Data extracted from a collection
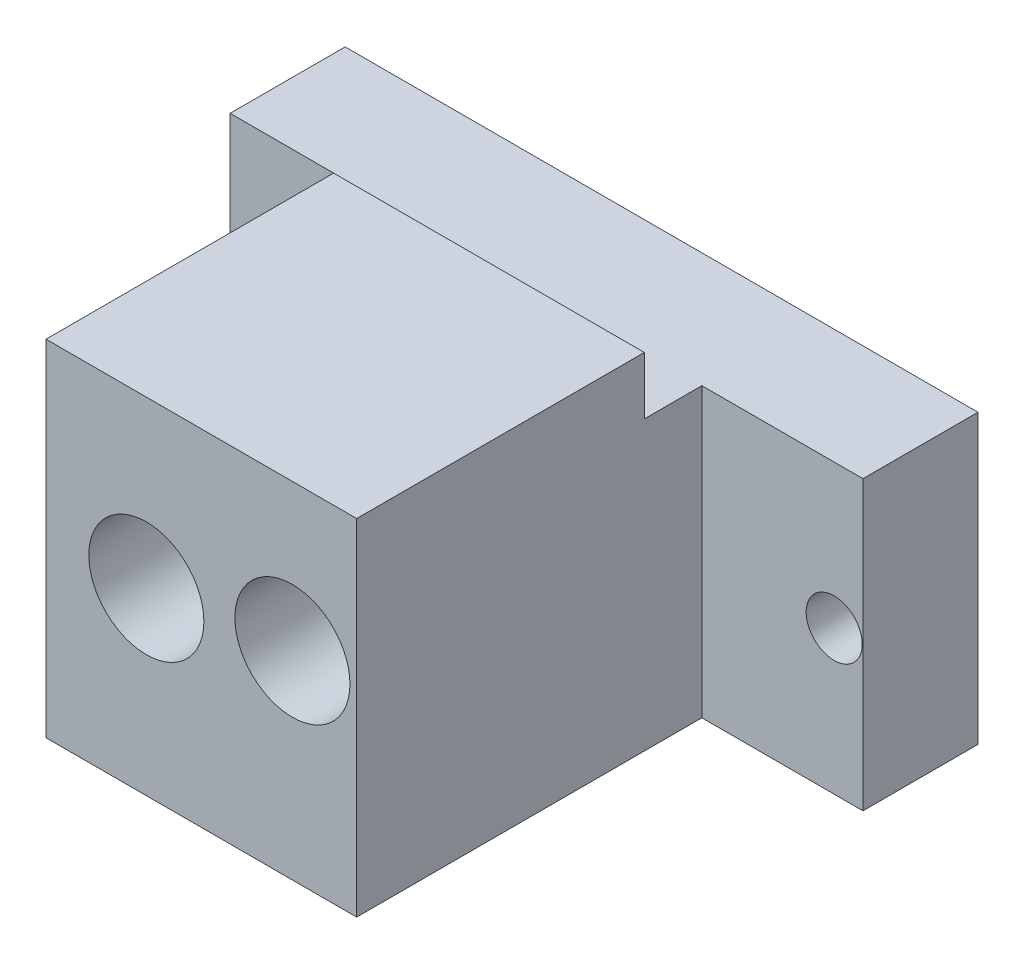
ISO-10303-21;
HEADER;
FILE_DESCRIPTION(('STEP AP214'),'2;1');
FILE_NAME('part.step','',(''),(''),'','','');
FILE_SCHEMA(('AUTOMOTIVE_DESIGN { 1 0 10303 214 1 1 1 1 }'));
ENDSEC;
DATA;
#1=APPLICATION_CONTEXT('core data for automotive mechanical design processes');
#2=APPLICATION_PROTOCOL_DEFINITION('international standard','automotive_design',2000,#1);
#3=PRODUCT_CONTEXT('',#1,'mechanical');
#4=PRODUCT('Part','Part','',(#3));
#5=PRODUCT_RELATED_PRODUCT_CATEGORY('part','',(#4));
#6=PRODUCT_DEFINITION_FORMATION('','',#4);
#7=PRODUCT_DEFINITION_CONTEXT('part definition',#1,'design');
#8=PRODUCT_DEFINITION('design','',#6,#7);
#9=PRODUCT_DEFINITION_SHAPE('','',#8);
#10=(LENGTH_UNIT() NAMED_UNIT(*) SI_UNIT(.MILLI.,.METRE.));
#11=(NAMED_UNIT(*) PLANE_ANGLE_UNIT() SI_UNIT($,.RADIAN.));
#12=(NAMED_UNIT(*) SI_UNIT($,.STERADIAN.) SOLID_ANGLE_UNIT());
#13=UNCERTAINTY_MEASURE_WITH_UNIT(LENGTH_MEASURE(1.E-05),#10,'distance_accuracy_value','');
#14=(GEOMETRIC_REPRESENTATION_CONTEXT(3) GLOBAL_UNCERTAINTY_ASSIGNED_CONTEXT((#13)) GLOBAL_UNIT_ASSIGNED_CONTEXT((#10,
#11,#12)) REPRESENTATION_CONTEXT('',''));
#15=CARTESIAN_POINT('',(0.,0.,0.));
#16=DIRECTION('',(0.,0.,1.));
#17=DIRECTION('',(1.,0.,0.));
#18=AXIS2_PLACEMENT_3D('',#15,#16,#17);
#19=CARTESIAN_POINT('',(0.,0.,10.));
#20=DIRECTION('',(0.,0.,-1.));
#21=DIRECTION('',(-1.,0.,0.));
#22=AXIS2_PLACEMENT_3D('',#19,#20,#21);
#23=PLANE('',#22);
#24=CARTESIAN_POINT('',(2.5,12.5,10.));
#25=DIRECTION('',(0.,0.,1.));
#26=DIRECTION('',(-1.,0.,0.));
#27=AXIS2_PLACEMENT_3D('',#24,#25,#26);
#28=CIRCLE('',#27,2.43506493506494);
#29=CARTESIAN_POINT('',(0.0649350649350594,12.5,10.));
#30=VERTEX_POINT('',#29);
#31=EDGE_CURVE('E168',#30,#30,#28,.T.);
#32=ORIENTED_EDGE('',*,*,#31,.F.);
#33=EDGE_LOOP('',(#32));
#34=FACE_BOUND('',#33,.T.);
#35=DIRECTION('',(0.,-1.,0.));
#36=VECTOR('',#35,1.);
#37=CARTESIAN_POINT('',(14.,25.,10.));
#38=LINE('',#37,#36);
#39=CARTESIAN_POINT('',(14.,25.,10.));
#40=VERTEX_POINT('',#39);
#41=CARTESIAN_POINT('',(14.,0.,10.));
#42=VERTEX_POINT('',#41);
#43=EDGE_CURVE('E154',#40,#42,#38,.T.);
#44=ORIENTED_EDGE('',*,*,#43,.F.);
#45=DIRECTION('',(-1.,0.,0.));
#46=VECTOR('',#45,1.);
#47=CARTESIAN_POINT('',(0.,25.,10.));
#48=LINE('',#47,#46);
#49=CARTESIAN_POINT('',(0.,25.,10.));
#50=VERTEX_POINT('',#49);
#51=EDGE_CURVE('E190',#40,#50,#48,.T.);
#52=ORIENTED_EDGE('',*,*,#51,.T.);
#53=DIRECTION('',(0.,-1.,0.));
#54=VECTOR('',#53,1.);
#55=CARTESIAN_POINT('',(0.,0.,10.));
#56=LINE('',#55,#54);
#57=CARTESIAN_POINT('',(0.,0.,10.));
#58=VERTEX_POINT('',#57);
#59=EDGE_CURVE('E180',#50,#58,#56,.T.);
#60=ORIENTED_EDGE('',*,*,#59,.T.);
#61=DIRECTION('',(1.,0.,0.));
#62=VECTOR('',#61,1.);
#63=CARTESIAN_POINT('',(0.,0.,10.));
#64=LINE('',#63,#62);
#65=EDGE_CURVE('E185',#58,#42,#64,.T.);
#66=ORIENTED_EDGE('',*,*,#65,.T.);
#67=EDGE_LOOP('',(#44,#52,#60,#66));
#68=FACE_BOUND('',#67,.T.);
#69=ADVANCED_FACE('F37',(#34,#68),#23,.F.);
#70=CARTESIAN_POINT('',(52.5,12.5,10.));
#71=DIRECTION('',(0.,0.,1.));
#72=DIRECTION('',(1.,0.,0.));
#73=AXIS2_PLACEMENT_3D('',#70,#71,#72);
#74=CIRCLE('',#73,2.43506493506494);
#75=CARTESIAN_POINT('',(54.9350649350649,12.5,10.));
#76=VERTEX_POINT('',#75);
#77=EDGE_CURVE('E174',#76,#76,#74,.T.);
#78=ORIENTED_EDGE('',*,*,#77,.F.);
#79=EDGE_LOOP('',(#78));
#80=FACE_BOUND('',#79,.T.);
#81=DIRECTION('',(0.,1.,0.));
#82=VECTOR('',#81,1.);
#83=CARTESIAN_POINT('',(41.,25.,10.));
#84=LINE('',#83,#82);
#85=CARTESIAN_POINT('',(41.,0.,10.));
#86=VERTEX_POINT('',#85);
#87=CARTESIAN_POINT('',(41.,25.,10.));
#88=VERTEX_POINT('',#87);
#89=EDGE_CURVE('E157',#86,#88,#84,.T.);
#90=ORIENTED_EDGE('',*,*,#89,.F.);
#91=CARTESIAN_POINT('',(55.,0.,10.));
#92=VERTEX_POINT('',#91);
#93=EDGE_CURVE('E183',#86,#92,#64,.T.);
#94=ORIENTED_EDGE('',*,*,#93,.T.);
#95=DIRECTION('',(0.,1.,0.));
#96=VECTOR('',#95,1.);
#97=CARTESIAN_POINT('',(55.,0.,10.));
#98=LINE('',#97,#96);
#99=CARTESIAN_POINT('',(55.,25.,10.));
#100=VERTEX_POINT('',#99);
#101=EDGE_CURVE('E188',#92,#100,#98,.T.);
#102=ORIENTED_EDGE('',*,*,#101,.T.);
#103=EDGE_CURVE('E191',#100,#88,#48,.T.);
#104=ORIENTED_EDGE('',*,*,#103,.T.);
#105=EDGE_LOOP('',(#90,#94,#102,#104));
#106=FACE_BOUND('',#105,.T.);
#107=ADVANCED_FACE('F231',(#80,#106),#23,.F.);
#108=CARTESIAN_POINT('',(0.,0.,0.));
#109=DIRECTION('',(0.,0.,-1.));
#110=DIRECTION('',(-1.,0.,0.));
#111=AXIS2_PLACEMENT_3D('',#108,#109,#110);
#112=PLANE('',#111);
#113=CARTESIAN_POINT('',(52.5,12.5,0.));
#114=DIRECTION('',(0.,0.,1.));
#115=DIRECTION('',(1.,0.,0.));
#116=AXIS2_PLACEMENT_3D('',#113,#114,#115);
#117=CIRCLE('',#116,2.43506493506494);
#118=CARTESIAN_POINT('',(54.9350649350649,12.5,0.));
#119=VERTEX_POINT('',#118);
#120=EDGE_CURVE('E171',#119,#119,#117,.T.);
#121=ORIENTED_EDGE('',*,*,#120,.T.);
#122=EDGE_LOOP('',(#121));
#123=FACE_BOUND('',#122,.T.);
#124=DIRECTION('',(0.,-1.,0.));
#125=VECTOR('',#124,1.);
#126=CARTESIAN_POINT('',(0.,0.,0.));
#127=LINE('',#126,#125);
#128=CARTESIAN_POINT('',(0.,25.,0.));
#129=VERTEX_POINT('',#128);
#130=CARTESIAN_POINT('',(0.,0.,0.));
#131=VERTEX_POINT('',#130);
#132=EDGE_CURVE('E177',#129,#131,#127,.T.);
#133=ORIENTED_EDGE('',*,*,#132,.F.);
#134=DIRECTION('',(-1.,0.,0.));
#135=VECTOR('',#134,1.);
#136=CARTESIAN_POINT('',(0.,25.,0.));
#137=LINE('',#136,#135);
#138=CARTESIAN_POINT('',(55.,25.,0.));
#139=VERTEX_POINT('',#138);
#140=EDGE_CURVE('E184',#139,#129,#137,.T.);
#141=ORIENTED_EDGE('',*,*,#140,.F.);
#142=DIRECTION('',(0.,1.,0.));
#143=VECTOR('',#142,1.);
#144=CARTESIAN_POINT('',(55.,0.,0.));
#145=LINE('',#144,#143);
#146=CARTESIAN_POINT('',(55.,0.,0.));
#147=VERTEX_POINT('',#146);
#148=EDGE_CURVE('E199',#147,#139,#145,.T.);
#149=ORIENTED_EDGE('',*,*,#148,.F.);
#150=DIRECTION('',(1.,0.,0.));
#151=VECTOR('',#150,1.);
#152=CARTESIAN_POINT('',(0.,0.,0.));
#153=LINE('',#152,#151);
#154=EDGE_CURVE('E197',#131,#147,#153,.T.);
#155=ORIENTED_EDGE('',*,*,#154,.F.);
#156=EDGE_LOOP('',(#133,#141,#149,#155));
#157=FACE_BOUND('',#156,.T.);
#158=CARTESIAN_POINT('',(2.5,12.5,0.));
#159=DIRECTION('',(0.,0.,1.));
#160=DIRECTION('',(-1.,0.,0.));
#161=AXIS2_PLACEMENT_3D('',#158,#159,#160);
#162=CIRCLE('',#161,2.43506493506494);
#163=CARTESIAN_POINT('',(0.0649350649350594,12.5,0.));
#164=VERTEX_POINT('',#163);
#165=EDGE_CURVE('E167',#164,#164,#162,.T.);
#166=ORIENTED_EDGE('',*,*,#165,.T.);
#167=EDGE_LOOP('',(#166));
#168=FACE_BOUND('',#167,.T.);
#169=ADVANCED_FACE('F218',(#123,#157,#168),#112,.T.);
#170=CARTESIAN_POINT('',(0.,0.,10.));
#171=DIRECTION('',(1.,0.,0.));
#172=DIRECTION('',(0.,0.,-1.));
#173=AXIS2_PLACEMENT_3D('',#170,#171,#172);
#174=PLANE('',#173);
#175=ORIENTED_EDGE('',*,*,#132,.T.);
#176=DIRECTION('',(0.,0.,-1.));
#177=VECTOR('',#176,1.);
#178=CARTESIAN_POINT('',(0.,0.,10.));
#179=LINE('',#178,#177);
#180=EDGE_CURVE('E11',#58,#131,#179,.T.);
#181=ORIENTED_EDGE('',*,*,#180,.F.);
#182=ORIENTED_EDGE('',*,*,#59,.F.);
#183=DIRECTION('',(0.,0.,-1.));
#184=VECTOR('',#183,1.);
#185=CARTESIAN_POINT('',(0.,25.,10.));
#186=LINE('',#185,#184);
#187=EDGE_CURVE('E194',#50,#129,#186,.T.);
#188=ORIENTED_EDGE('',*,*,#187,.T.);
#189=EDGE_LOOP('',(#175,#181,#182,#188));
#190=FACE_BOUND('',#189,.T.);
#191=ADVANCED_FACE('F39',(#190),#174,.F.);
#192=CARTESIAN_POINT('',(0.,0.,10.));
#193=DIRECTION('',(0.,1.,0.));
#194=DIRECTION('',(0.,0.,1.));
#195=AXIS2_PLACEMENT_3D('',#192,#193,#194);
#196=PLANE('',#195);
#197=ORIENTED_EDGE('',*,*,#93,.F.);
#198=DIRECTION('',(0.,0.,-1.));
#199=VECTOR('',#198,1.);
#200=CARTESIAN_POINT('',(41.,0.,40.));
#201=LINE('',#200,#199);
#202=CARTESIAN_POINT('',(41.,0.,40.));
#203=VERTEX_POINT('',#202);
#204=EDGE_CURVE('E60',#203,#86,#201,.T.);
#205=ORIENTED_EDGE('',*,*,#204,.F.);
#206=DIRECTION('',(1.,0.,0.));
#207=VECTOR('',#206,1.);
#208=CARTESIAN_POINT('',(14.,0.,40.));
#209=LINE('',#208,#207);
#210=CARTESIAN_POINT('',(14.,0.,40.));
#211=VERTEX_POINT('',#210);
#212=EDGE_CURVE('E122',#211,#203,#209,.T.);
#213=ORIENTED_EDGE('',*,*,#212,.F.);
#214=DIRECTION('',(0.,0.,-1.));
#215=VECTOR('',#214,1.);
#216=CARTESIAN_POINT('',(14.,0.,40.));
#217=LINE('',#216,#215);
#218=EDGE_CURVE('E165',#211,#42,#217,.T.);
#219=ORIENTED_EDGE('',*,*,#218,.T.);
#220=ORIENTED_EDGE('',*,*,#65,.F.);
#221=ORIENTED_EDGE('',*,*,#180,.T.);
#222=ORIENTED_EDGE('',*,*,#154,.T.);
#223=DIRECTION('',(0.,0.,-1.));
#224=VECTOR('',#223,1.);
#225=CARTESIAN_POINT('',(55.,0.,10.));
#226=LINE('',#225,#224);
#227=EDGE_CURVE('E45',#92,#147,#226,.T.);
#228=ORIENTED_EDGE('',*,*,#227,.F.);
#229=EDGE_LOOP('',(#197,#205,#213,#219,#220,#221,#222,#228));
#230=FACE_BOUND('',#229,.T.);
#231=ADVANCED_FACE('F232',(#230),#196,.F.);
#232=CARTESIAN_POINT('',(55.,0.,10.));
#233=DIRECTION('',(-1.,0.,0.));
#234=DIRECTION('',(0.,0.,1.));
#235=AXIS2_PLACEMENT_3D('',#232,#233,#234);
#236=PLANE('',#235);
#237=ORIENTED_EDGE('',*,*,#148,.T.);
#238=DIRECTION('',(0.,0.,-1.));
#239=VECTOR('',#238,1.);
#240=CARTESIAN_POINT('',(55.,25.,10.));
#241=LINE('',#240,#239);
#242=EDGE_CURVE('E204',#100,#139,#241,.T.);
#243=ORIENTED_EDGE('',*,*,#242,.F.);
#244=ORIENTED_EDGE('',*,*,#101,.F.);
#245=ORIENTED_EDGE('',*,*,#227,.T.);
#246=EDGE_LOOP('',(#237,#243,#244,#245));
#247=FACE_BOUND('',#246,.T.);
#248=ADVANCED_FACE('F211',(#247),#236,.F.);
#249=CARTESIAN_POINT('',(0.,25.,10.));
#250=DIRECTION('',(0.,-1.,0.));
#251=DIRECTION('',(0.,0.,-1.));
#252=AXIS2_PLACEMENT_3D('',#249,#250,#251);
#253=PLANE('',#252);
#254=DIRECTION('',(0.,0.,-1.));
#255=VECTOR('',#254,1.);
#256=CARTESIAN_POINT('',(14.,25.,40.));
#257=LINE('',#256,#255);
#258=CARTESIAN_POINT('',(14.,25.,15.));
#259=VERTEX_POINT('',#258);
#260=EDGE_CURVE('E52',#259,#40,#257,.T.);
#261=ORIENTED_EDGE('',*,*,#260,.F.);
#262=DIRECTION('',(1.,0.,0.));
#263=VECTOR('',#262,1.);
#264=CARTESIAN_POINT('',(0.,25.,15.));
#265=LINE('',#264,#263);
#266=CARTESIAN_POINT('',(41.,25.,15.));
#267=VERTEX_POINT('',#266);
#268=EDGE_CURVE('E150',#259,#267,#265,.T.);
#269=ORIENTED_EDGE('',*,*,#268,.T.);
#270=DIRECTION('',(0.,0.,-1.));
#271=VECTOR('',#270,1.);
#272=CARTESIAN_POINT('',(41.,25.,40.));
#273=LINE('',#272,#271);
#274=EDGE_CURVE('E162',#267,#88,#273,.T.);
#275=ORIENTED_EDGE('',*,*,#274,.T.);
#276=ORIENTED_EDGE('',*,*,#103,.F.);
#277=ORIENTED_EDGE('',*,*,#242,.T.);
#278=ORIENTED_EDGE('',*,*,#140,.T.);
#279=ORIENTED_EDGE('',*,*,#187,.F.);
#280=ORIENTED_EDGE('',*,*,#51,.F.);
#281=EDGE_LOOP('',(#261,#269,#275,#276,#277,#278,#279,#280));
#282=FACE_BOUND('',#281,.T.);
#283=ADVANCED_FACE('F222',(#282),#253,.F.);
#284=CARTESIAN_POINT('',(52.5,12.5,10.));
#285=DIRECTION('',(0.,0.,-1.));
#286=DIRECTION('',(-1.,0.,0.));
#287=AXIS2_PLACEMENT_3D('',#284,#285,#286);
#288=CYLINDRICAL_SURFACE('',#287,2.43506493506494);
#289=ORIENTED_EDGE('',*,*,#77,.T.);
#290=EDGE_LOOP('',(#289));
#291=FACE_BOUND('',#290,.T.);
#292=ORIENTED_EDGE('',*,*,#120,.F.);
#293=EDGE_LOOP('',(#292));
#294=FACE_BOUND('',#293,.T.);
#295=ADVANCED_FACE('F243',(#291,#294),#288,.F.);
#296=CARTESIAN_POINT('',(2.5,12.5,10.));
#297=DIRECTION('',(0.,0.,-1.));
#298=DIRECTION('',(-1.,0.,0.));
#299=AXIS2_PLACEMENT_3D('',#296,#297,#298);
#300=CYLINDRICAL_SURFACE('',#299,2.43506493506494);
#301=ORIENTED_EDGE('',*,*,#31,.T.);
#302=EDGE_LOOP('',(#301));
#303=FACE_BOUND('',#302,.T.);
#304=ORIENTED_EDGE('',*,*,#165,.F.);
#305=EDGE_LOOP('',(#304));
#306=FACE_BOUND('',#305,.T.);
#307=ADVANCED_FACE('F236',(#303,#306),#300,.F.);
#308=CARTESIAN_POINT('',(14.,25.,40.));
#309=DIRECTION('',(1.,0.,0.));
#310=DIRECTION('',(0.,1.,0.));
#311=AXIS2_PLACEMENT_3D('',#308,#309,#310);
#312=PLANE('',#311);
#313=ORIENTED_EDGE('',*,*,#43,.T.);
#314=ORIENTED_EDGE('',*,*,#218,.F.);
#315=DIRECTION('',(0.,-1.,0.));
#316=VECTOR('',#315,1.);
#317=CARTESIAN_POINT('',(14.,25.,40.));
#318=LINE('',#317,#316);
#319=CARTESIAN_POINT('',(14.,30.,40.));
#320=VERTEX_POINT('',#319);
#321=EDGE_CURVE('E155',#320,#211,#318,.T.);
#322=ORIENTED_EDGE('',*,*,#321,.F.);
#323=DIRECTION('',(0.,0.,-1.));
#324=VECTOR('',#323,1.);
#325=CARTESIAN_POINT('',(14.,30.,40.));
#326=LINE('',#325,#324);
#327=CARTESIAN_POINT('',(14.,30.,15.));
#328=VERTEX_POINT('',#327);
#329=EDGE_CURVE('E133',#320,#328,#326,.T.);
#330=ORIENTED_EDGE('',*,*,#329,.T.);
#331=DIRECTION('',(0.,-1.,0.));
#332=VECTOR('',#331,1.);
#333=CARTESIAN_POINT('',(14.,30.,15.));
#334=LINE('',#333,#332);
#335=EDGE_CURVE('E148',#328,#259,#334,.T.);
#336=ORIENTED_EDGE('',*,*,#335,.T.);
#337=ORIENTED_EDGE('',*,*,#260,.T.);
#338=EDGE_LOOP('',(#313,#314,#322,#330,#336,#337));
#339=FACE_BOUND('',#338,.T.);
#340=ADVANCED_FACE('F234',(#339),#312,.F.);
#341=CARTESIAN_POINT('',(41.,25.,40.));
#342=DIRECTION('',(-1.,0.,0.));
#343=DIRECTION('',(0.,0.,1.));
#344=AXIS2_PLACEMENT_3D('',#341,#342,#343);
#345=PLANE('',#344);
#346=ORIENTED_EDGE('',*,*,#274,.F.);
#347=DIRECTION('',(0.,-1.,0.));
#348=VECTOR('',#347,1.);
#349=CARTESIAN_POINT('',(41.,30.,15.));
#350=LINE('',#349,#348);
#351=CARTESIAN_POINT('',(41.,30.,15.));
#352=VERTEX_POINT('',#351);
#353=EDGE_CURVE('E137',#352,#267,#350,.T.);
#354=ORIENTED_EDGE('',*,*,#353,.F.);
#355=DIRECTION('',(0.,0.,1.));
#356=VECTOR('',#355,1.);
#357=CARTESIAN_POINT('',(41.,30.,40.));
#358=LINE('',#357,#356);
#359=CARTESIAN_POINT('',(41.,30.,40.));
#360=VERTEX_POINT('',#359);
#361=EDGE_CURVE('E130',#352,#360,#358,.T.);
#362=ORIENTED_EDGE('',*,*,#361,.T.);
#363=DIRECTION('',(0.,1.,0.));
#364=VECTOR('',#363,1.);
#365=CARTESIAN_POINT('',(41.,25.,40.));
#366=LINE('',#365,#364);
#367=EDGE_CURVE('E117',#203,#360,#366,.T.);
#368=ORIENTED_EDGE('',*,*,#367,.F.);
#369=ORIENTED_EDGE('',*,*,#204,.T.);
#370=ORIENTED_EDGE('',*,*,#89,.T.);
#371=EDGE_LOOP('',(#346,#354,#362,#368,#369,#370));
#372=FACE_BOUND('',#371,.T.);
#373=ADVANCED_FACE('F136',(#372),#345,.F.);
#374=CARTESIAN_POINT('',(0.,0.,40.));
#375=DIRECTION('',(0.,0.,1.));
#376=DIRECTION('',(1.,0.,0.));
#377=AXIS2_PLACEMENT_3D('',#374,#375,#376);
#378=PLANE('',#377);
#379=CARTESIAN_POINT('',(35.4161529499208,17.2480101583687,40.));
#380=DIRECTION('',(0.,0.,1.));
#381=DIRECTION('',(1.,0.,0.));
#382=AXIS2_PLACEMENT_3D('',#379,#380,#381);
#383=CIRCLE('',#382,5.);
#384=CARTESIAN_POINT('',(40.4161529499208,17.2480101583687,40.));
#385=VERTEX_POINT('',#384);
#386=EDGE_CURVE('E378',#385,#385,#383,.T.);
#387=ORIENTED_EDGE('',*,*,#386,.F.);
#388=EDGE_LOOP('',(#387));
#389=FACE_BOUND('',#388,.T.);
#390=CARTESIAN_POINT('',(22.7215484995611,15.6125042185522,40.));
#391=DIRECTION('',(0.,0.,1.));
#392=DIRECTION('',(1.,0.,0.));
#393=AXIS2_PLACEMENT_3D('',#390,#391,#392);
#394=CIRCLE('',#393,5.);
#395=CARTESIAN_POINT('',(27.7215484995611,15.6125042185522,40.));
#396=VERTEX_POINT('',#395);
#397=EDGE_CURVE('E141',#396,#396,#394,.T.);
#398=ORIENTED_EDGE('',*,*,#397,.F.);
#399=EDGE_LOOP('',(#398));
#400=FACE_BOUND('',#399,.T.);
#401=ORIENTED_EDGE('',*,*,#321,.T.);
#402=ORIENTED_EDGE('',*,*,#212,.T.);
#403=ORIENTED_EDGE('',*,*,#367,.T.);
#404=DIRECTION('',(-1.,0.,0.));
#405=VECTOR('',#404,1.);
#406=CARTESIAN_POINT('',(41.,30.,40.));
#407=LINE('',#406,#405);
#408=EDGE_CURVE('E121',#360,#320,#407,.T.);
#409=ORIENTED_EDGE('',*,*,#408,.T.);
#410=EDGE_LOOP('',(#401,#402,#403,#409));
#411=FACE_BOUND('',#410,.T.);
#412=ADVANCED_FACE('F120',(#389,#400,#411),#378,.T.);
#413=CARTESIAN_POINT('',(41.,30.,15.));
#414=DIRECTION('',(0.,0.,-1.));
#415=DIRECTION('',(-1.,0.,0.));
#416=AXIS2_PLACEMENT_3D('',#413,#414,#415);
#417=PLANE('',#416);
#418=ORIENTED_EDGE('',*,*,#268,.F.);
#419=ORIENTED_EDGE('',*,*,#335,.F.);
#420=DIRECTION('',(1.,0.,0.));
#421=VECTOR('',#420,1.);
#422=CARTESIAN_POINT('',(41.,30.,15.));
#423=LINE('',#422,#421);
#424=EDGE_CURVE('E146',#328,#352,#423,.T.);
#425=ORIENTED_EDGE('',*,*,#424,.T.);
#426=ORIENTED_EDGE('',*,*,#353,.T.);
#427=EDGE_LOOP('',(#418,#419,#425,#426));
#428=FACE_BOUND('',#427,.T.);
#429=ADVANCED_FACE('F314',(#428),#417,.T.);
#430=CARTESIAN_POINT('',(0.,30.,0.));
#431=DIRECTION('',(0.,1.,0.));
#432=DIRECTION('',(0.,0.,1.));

• _What is required_
Only the lines above starting at the line that holds "#375=DIRECTION('',(0.,0.,1.));" and ending at the line that holds "#381=DIRECTION('',(1.,0.,0.));" are to be repeated, exactly and in full.

• _Task solution_
#375=DIRECTION('',(0.,0.,1.));
#376=DIRECTION('',(1.,0.,0.));
#377=AXIS2_PLACEMENT_3D('',#374,#375,#376);
#378=PLANE('',#377);
#379=CARTESIAN_POINT('',(35.4161529499208,17.2480101583687,40.));
#380=DIRECTION('',(0.,0.,1.));
#381=DIRECTION('',(1.,0.,0.));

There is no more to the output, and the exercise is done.